6.2.4 Storage durations of objects

¶5 An object whose identifier is declared with no linkage and without the storage-class specifier static has automatic storage duration, as do some compound literals. The result of attempting to indirectly access an object with automatic storage duration from a thread other than the one with which the object is associated is implementation-defined.
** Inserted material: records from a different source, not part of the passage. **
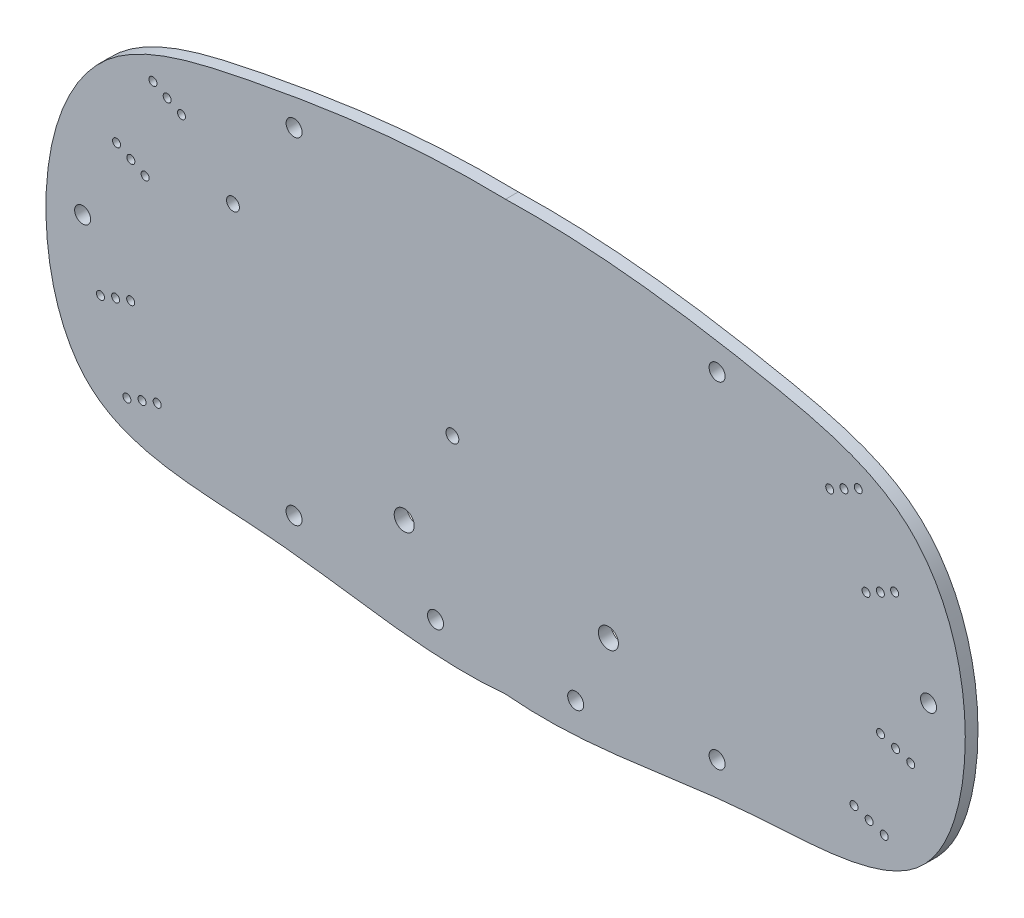
SolidWorks part; units mm, degrees
material "Acrylic (Medium-high impact)"
ref_plane "Front Plane" through (0, 0, 0) normal (0, 0, 1) x (1, 0, 0)
ref_plane "Top Plane" through (0, 0, 0) normal (0, 1, 0) x (1, 0, 0)
ref_plane "Right Plane" through (0, 0, 0) normal (1, 0, 0) x (0, 0, -1)
sketch "Sketch2" plane through (0, 0, 0) normal (0, 0, 1) x (1, 0, 0)
  circle A10 centre (105.6294, 50.8755) radius 2
  circle A11 centre (97.4088, 36.971) radius 1
  circle A12 centre (90.7902, 18.0979) radius 1
  circle A13 centre (90.0252, 67.0441) radius 1
  circle A14 centre (80.9467, 84.8649) radius 1
  circle A15 centre (52.8245, 12.2328) radius 2
  circle A16 centre (17.5, 7.3772) radius 2
  circle A24 centre (-17.5, 7.3772) radius 2
  circle A25 centre (-52.8245, 12.2328) radius 2
  circle A30 centre (-105.6294, 50.8755) radius 2
  circle A31 centre (93.6342, 38.2948) radius 1
  circle A32 centre (87.0156, 19.4217) radius 1
  circle A37 centre (84.5108, 86.6806) radius 1
  circle A38 centre (93.5894, 68.8598) radius 1
  circle A39 centre (88.075, 88.4963) radius 1
  circle A40 centre (97.1535, 70.6755) radius 1
  circle A41 centre (101.1834, 35.6473) radius 1
  circle A42 centre (94.5649, 16.7742) radius 1
  circle A43 centre (52.8245, 96.0993) radius 2
  circle A44 centre (-52.8245, 96.0993) radius 2
  circle A45 centre (-90.0252, 67.0441) radius 1
  circle A46 centre (-93.5894, 68.8598) radius 1
  circle A47 centre (-97.1535, 70.6755) radius 1
  circle A48 centre (-88.075, 88.4963) radius 1
  circle A49 centre (-84.5108, 86.6806) radius 1
  circle A50 centre (-80.9467, 84.8649) radius 1
  circle A51 centre (-101.1834, 35.6473) radius 1
  circle A52 centre (-97.4088, 36.971) radius 1
  circle A53 centre (-93.6342, 38.2948) radius 1
  circle A54 centre (-94.5649, 16.7742) radius 1
  circle A55 centre (-90.7902, 18.0979) radius 1
  circle A56 centre (-87.0156, 19.4217) radius 1
  spline S0 degree 3 poles (0, 0) (-20.953, -1.9173) (-52.0654, 6.5599) (-106.0768, 5.0272) (-118.9056, 49.2019) (-106.9965, 91.1309) (-54.7921, 103.3923) (-22.6856, 107.5733) (0, 107.0408) knots 0 0 0 0 0.21242 0.369252 0.478798 0.640374 0.766906 1 1 1 1
  spline S1 degree 3 poles (0, 0) (20.953, -1.9173) (52.0654, 6.5599) (106.0768, 5.0272) (118.9056, 49.2019) (106.9965, 91.1309) (54.7921, 103.3923) (22.6856, 107.5733) (0, 107.0408) knots 0 0 0 0 0.21242 0.369252 0.478798 0.640374 0.766906 1 1 1 1
  dimension "D1" = 4
  dimension "D2" = 2
  dimension "D3" = 2
  dimension "D4" = 2
  dimension "D5" = 2
  dimension "D8" = 4
  dimension "D9" = 4
  dimension "D14" = 2
  dimension "D15" = 2
  dimension "D13" = 4
  dimension "D6" = 20
  dimension "D7" = 20
  dimension "D10" = 17.5
  dimension "D11" = 4
  dimension "D12" = 4
extrude "Boss-Extrude1" add sketch "Sketch2" along normal blind 3.175
sketch "Sketch3" plane through (0, 0, 3.175) normal (0, 0, 1) x (1, 0, 0)
  circle A0 centre (25.6788, 24.9838) radius 2.5
  circle A1 centre (-25.3212, 24.9838) radius 2.5
  dimension "D1" = 5
extrude "Cut-Extrude1" cut sketch "Sketch3" against normal through all
sketch "Sketch6" plane through (0, 0, 3.175) normal (0, 0, 1) x (1, 0, 0)
  circle A0 centre (-13.2868, 49.2077) radius 1.6
  circle A1 centre (-68.0868, 72.0077) radius 1.6
  dimension "D1" = 3.2
  dimension "D2" = 3.2
  dimension "D3" = 22.8
  dimension "D4" = 54.8
extrude "Cut-Extrude3" cut sketch "Sketch6" against normal through all
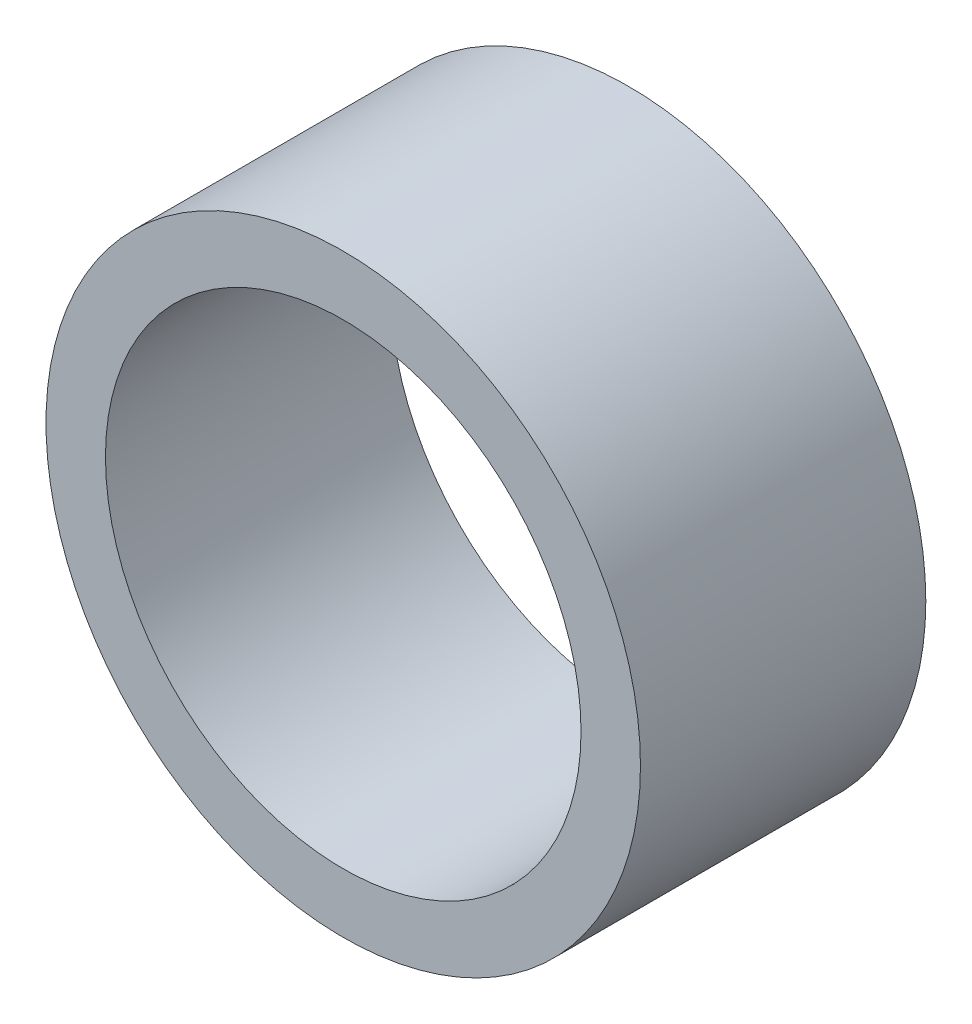
SolidWorks part; units mm, degrees
material "Chêne"
ref_plane "Plan de face" through (0, 0, 0) normal (0, 0, 1) x (1, 0, 0)
ref_plane "Plan de dessus" through (0, 0, 0) normal (0, 1, 0) x (1, 0, 0)
ref_plane "Plan de droite" through (0, 0, 0) normal (1, 0, 0) x (0, 0, -1)
sketch "Esquisse1" plane through (0, 0, 0) normal (0, 0, 1) x (1, 0, 0)
  circle A0 centre (0, 0) radius 12.5
  circle A4 centre (0, 0) radius 10
  point P116 (0, 0)
  point P374 (0, 0)
extrude "Boss.-Extru.1" add sketch "Esquisse1" along normal blind 12

¶6 For such an object that does not have a variable length array type, its lifetime extends from entry into the block with which it is associated until execution of that block ends in any way. (Entering an enclosed block or calling a function suspends, but does not end, execution of the current block.) If the block is entered recursively, a new instance of the object is created each time. The initial value of the object is indeterminate. If an initialization is specified for the object, it is performed each time the declaration or compound literal is reached in the execution of the block; otherwise, the value becomes indeterminate each time the declaration is reached.

¶7 For such an object that does have a variable length array type, its lifetime extends from the declaration of the object until execution of the program leaves the scope of the declaration.³⁵⁾ If the scope is entered recursively, a new instance of the object is created each time. The initial value of the object is indeterminate.

^{35) Leaving the innermost block containing the declaration, or jumping to a point in that block or an embedded block prior to the declaration, leaves the scope of the declaration.}

Note that there is no variably modified type (no VLA or variable length array) in the code in the question. Standard C++ does not support the concept of VLAs (though the GNU C++ compiler does allow them as an extension).

Code (goto1.c):

#include <stdio.h>
int main(void)
{
    {
        int a = 10;
tag:
        printf("%d\n", a);
    }
    goto tag;
    return 0;
}

Sample compilation:

$ gcc -std=c11 -O3 -g -Wall -Wextra -Werror goto1.c -o goto1
$

Those are fairly stringent warning options, and GCC utters not a peep — which is permissible behaviour given what the C standard says.

Answer 2

As the first comment to the question you mention says, the behavior is undefined. That basically means every compiler is free to interpret your code however it wants. Clearly, your compiler sees the problem and throws an error, while a different compiler may allow the code to compile, especially if it's internal representation of scope allows the loop to happen.